Activity - Look through the data below for the line with "floor to Open Office 130: 13.18,-29.61", and transcribe it exactly together with each line after it up to and including the line with "13.18,-36.8 13.18,-30.5 z7.42". Give nothing else.

Recorded information -

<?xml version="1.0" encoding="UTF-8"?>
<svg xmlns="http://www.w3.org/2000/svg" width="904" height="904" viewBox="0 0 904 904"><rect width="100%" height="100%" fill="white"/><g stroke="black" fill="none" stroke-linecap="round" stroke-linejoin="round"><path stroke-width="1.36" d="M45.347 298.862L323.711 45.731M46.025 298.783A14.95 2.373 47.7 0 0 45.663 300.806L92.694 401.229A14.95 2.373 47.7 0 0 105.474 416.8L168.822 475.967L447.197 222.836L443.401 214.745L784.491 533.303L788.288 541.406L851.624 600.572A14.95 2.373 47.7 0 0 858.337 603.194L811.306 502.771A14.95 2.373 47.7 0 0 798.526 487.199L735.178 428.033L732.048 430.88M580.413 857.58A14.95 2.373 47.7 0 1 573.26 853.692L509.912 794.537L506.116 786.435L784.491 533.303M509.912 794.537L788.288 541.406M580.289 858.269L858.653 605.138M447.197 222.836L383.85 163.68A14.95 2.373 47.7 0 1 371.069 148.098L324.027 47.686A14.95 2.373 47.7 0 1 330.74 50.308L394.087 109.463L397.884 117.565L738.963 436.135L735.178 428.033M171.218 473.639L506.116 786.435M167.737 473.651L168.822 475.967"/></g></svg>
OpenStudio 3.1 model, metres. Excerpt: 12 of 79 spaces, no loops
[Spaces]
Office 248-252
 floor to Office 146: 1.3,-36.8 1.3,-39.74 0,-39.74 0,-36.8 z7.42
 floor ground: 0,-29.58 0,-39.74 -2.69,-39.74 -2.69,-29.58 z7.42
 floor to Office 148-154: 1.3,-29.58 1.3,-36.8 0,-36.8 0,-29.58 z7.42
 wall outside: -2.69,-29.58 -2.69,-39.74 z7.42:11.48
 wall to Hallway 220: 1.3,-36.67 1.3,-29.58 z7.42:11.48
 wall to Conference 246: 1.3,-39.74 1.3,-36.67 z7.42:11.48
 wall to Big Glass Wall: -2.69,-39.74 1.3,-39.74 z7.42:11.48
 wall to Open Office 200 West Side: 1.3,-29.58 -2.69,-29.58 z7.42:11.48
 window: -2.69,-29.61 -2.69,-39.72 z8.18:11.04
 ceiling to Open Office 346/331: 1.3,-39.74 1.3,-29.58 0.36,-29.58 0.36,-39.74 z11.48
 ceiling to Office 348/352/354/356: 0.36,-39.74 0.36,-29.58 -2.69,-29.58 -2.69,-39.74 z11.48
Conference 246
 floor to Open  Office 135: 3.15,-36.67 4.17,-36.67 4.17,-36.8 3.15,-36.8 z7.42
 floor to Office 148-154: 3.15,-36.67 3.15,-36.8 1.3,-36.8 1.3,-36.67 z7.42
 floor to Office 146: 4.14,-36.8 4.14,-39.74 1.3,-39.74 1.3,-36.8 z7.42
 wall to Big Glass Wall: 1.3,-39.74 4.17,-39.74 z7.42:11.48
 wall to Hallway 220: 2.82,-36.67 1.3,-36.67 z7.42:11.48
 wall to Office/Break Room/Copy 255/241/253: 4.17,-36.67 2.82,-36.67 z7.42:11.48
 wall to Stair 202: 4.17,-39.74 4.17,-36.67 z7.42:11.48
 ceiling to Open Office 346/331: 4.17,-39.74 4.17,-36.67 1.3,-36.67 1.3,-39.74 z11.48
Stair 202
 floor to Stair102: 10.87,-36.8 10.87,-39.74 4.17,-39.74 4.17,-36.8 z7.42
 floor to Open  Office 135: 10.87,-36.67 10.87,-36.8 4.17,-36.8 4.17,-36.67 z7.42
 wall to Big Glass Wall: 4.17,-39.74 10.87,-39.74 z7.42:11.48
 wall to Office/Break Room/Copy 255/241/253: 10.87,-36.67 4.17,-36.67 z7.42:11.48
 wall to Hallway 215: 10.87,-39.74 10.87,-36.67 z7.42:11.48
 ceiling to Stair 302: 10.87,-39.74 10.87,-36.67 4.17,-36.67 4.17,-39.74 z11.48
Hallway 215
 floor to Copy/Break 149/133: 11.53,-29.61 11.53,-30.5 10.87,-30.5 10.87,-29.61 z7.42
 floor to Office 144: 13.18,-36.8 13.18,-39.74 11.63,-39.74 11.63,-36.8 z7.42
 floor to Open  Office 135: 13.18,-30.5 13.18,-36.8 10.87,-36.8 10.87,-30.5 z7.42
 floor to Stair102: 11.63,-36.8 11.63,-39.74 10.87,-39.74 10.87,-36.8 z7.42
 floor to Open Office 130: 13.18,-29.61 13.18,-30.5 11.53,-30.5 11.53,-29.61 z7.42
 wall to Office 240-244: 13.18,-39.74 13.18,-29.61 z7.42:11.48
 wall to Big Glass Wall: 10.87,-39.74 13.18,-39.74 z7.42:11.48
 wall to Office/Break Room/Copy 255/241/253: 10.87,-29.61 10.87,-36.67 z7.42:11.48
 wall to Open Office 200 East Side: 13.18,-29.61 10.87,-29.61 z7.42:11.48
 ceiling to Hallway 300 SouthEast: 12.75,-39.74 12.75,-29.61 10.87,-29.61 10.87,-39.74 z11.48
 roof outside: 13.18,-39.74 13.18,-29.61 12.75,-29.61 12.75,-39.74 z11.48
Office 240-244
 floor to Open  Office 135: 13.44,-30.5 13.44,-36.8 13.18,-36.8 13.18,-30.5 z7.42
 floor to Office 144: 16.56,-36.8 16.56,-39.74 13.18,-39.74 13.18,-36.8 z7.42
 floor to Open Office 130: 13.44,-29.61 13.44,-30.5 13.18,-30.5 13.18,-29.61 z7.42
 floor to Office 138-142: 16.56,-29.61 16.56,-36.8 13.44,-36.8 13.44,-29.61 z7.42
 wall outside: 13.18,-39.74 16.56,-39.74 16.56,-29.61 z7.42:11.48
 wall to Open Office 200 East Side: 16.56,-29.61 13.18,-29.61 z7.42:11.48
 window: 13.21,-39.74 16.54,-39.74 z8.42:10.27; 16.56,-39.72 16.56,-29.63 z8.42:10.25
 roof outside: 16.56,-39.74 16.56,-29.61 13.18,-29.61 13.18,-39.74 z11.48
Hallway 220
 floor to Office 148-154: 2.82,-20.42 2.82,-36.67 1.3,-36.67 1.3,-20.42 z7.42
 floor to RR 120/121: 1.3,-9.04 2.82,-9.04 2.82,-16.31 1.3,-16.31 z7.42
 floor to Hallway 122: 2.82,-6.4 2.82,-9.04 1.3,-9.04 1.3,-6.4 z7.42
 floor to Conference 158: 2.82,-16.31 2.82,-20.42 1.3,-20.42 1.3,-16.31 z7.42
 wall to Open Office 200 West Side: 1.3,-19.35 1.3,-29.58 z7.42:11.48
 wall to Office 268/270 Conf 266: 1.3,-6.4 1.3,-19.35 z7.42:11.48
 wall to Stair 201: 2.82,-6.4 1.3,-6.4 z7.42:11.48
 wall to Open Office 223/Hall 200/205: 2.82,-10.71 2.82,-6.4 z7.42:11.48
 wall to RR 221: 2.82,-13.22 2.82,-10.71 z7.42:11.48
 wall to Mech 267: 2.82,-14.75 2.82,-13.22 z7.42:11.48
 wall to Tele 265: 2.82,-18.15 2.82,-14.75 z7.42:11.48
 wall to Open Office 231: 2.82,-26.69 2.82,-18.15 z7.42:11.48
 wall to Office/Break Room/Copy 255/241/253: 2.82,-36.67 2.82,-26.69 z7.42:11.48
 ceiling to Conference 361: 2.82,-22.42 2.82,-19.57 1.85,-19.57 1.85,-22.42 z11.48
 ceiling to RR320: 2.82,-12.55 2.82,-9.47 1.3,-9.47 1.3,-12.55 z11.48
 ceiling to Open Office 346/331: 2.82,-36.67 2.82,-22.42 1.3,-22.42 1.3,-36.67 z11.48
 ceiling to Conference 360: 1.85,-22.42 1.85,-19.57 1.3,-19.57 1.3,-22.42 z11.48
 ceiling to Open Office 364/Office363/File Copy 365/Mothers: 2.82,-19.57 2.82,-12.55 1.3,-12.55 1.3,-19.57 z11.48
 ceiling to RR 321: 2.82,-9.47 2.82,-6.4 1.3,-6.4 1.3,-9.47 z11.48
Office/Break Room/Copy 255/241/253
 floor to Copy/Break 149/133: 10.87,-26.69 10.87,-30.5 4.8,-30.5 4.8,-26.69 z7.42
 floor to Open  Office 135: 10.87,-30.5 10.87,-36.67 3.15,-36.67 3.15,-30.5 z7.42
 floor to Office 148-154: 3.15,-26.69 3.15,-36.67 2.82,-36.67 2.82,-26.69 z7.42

Problem solution -
 floor to Open Office 130: 13.18,-29.61 13.18,-30.5 11.53,-30.5 11.53,-29.61 z7.42
 wall to Office 240-244: 13.18,-39.74 13.18,-29.61 z7.42:11.48
 wall to Big Glass Wall: 10.87,-39.74 13.18,-39.74 z7.42:11.48
 wall to Office/Break Room/Copy 255/241/253: 10.87,-29.61 10.87,-36.67 z7.42:11.48
 wall to Open Office 200 East Side: 13.18,-29.61 10.87,-29.61 z7.42:11.48
 ceiling to Hallway 300 SouthEast: 12.75,-39.74 12.75,-29.61 10.87,-29.61 10.87,-39.74 z11.48
 roof outside: 13.18,-39.74 13.18,-29.61 12.75,-29.61 12.75,-39.74 z11.48
Office 240-244
 floor to Open  Office 135: 13.44,-30.5 13.44,-36.8 13.18,-36.8 13.18,-30.5 z7.42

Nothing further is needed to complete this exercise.